Brief — Take from the material every line containing the string "Base" and copy it.

Material shown —

▼▼▼

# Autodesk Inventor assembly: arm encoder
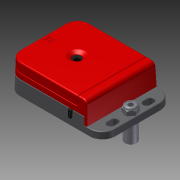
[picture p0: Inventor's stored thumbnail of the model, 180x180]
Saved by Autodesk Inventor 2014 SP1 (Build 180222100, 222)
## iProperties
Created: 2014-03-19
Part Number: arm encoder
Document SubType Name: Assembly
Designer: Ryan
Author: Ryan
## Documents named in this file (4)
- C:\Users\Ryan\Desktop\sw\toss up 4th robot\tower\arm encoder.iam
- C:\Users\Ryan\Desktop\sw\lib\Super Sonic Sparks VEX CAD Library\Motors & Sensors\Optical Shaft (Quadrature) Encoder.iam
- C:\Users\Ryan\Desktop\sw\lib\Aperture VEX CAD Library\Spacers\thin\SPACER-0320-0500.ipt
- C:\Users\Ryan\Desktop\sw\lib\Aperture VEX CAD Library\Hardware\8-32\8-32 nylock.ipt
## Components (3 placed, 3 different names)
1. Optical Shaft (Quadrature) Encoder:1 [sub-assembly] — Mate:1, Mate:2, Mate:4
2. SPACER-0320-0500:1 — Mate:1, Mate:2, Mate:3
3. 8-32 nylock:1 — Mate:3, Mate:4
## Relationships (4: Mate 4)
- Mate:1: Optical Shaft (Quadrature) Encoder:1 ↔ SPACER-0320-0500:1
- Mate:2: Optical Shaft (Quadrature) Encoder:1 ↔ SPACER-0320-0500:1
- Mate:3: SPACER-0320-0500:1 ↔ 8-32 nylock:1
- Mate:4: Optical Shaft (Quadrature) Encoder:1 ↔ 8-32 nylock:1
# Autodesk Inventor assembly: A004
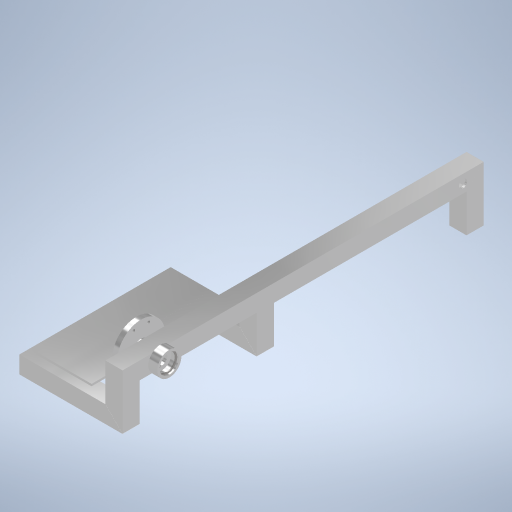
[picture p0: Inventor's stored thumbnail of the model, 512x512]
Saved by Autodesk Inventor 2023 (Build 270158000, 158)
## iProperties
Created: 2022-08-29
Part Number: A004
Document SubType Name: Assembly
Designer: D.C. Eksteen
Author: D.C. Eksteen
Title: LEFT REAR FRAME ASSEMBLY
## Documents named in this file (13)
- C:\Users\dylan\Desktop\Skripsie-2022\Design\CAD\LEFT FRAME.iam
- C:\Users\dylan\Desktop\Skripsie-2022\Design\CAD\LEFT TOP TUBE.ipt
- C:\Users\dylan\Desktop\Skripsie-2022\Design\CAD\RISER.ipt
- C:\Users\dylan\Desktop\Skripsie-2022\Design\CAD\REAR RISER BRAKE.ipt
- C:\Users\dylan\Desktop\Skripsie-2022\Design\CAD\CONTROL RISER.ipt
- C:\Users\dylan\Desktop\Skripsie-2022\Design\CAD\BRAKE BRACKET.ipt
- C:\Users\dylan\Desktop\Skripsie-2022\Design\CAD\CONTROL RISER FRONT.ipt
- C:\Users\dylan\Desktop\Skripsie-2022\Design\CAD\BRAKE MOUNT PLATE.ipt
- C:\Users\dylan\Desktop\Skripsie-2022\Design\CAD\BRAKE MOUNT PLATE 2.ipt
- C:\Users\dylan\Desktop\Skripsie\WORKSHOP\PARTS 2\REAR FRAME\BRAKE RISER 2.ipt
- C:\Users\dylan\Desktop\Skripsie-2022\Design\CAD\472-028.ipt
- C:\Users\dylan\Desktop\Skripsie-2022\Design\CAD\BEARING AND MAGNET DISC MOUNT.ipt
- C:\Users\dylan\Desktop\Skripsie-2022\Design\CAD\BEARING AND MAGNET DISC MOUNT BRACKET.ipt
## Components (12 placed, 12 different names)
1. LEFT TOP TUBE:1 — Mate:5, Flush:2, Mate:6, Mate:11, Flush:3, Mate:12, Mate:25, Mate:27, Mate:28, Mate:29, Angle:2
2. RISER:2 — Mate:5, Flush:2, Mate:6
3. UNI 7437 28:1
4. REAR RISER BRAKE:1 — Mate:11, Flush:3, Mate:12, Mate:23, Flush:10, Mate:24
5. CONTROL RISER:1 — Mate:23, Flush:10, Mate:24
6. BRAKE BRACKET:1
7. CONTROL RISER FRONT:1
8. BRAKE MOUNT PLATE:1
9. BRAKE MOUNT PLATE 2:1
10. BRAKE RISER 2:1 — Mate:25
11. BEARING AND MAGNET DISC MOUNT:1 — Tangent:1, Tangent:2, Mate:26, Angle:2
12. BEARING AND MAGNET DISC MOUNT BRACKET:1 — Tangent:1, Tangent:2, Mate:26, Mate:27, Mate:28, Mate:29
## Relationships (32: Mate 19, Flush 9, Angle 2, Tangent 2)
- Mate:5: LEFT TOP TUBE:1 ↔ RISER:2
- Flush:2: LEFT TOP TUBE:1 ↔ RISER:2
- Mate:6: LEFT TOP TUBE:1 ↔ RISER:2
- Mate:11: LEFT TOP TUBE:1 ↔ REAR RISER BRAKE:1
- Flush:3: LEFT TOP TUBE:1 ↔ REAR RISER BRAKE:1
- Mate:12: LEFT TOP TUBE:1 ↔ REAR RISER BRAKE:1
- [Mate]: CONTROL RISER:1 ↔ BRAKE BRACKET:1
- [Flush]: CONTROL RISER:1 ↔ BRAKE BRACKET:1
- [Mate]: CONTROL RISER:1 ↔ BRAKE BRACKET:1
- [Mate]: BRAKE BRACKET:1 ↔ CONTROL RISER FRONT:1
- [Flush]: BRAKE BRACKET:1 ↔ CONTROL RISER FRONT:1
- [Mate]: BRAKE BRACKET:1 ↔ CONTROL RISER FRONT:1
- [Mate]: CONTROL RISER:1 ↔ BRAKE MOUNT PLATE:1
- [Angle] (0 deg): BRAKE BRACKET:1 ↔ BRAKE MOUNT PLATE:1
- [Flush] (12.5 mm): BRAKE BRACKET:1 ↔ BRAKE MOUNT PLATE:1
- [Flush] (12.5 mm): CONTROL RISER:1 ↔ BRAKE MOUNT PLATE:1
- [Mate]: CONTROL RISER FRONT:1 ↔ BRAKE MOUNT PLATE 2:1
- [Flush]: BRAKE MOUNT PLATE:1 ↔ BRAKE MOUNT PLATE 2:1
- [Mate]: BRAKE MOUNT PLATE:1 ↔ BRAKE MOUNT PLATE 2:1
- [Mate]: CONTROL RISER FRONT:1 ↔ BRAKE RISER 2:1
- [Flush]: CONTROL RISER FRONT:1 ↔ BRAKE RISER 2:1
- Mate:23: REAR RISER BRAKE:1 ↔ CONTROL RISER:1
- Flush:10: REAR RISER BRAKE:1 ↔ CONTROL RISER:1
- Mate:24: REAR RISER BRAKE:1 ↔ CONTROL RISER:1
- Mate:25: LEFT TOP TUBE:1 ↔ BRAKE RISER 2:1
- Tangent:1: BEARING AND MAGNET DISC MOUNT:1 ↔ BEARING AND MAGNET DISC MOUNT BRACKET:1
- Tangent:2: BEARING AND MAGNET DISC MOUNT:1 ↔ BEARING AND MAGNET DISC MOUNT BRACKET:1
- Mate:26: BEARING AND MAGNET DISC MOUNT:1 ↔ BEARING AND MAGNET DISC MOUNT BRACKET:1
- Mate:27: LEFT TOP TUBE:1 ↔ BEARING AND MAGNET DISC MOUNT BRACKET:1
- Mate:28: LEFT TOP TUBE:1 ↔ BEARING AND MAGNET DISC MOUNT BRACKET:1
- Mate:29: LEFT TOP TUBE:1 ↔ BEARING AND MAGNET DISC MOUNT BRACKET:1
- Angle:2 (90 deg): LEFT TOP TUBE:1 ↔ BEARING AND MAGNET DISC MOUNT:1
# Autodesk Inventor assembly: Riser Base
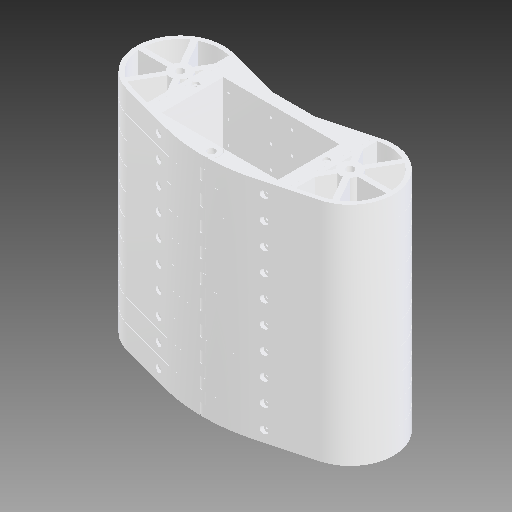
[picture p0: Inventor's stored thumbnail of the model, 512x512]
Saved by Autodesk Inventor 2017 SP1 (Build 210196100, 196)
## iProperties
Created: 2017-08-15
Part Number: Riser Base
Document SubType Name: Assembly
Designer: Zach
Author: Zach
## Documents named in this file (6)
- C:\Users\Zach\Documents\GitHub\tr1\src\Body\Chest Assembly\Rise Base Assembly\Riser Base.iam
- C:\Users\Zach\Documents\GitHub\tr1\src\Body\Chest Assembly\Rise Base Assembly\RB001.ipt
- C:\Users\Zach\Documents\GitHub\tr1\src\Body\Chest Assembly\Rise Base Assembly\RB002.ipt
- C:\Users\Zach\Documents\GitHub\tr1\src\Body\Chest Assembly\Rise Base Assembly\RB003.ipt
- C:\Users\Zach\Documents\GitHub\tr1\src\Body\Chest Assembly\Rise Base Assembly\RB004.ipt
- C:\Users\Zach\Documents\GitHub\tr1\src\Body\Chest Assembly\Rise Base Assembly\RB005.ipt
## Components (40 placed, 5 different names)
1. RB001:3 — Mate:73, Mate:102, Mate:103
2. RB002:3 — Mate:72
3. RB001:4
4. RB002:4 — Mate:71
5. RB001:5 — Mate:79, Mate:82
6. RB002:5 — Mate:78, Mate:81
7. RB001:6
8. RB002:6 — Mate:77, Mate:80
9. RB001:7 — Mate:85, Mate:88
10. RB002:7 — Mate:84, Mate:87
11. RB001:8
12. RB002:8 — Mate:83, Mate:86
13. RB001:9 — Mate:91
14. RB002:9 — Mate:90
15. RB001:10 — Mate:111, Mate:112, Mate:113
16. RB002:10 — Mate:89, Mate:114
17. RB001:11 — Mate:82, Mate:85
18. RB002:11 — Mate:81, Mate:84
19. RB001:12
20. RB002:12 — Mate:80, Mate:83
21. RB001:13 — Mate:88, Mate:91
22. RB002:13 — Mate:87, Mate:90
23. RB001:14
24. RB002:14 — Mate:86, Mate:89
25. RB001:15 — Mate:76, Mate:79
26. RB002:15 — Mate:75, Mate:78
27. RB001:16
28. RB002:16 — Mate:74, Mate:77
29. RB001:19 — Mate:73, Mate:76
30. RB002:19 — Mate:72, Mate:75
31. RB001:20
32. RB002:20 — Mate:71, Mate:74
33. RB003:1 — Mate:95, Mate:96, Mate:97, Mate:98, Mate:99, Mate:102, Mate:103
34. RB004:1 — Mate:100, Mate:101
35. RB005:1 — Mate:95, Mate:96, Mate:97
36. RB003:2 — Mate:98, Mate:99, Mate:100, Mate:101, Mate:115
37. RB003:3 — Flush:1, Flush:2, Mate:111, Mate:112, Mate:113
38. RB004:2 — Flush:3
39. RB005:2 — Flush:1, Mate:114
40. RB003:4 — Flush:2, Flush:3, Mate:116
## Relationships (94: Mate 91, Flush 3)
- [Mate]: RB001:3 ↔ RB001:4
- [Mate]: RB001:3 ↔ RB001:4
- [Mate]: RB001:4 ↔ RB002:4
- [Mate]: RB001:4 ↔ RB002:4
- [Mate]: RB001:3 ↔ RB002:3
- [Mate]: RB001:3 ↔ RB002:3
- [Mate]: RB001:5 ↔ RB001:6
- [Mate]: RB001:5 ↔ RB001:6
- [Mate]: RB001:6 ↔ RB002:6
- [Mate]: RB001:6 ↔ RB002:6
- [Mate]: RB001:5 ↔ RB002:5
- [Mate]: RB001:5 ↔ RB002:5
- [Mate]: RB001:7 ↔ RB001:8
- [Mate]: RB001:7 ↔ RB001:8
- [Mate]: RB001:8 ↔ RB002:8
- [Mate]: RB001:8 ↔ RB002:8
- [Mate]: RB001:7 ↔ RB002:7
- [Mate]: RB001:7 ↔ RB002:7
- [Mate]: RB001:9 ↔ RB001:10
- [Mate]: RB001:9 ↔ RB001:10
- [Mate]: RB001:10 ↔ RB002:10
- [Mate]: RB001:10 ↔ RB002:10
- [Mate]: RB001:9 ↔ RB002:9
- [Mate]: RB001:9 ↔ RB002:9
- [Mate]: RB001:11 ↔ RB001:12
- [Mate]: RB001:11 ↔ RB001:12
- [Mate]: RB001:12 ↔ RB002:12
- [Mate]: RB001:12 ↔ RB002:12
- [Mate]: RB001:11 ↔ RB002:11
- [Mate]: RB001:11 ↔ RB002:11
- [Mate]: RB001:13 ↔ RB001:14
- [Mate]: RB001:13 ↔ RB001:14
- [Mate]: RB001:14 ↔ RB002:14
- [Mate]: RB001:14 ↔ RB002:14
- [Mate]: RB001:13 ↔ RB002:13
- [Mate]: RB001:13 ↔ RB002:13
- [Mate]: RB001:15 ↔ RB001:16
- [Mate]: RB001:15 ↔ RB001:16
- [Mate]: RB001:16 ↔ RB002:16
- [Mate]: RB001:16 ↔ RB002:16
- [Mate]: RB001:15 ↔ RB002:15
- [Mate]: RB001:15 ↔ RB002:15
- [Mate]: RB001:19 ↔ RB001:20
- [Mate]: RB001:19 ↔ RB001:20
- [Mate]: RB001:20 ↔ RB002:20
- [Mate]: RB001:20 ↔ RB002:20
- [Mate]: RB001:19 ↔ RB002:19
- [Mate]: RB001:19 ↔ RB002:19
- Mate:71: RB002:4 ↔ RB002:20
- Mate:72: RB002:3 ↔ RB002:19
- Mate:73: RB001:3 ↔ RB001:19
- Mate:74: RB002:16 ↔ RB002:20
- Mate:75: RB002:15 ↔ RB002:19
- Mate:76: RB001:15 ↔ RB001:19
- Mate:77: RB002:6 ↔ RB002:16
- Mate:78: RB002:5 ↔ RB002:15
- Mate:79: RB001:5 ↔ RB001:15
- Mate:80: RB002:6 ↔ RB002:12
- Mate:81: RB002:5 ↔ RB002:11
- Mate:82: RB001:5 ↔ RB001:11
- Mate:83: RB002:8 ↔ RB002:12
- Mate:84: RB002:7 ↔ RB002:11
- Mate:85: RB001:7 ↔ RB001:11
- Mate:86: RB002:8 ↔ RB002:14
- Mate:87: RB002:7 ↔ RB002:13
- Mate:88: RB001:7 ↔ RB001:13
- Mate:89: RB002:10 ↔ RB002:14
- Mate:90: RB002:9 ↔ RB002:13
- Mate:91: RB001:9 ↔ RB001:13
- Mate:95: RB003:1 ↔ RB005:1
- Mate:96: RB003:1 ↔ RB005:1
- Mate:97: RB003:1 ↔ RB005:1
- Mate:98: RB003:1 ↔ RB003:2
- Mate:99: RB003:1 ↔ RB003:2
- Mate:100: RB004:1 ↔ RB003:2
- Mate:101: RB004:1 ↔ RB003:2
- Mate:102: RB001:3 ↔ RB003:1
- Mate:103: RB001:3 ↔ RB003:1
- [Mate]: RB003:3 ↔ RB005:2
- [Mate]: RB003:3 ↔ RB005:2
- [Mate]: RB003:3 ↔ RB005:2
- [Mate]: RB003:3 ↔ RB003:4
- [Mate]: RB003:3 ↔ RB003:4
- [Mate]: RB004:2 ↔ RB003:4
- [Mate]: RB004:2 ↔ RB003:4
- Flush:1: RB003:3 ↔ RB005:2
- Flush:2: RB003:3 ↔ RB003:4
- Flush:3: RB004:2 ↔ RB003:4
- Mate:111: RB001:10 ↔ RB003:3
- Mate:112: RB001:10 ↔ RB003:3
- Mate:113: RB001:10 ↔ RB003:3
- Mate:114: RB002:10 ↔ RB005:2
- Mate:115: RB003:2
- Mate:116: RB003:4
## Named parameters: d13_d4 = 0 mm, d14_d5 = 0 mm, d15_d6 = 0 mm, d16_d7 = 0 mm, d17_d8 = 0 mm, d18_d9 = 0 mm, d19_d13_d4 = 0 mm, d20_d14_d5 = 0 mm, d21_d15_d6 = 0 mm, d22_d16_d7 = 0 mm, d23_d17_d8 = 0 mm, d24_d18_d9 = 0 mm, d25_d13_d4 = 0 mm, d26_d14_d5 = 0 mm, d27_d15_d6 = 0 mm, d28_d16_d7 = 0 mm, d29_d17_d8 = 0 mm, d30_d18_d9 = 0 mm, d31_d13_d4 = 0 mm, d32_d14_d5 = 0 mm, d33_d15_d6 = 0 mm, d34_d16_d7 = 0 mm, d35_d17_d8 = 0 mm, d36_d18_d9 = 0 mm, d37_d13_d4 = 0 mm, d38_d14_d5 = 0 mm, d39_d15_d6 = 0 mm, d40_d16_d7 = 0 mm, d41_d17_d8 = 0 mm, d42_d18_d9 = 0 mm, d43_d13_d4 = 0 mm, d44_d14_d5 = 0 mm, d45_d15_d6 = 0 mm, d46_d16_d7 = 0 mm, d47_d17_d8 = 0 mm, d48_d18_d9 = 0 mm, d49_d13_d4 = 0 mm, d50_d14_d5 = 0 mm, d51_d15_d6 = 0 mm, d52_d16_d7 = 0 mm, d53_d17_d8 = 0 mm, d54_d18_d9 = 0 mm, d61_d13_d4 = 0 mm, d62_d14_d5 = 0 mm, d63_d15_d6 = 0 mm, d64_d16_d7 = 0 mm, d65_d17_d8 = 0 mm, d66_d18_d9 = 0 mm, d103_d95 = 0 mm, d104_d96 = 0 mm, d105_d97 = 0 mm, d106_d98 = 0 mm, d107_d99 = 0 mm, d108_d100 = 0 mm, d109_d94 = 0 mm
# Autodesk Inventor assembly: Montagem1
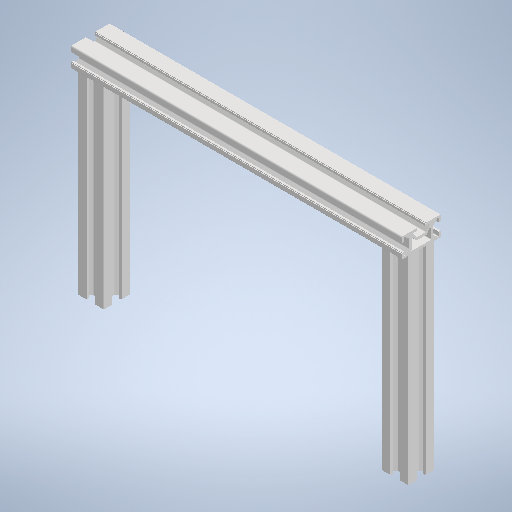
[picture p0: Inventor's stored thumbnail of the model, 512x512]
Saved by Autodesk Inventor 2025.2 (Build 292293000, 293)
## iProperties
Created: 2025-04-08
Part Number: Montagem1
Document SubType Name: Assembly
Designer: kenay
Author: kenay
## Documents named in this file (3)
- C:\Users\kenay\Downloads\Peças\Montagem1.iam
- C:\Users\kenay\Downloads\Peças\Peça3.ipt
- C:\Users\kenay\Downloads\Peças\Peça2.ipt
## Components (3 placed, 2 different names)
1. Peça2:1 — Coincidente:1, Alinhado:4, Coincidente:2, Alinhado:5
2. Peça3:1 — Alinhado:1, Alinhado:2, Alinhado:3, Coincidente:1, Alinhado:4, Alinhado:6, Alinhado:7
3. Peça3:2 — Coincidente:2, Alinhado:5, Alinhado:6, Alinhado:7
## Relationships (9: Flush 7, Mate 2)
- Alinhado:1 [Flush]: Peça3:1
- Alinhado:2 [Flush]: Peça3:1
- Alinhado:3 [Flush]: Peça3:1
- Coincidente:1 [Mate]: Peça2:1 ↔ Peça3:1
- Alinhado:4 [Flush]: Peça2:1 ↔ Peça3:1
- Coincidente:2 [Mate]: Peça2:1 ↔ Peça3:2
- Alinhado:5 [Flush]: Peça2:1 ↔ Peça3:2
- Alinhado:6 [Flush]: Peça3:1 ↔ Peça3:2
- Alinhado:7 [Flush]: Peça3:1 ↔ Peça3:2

▲▲▲

Written solution —
# Autodesk Inventor assembly: Riser Base
Part Number: Riser Base
- C:\Users\Zach\Documents\GitHub\tr1\src\Body\Chest Assembly\Rise Base Assembly\Riser Base.iam
- C:\Users\Zach\Documents\GitHub\tr1\src\Body\Chest Assembly\Rise Base Assembly\RB001.ipt
- C:\Users\Zach\Documents\GitHub\tr1\src\Body\Chest Assembly\Rise Base Assembly\RB002.ipt
- C:\Users\Zach\Documents\GitHub\tr1\src\Body\Chest Assembly\Rise Base Assembly\RB003.ipt
- C:\Users\Zach\Documents\GitHub\tr1\src\Body\Chest Assembly\Rise Base Assembly\RB004.ipt
- C:\Users\Zach\Documents\GitHub\tr1\src\Body\Chest Assembly\Rise Base Assembly\RB005.ipt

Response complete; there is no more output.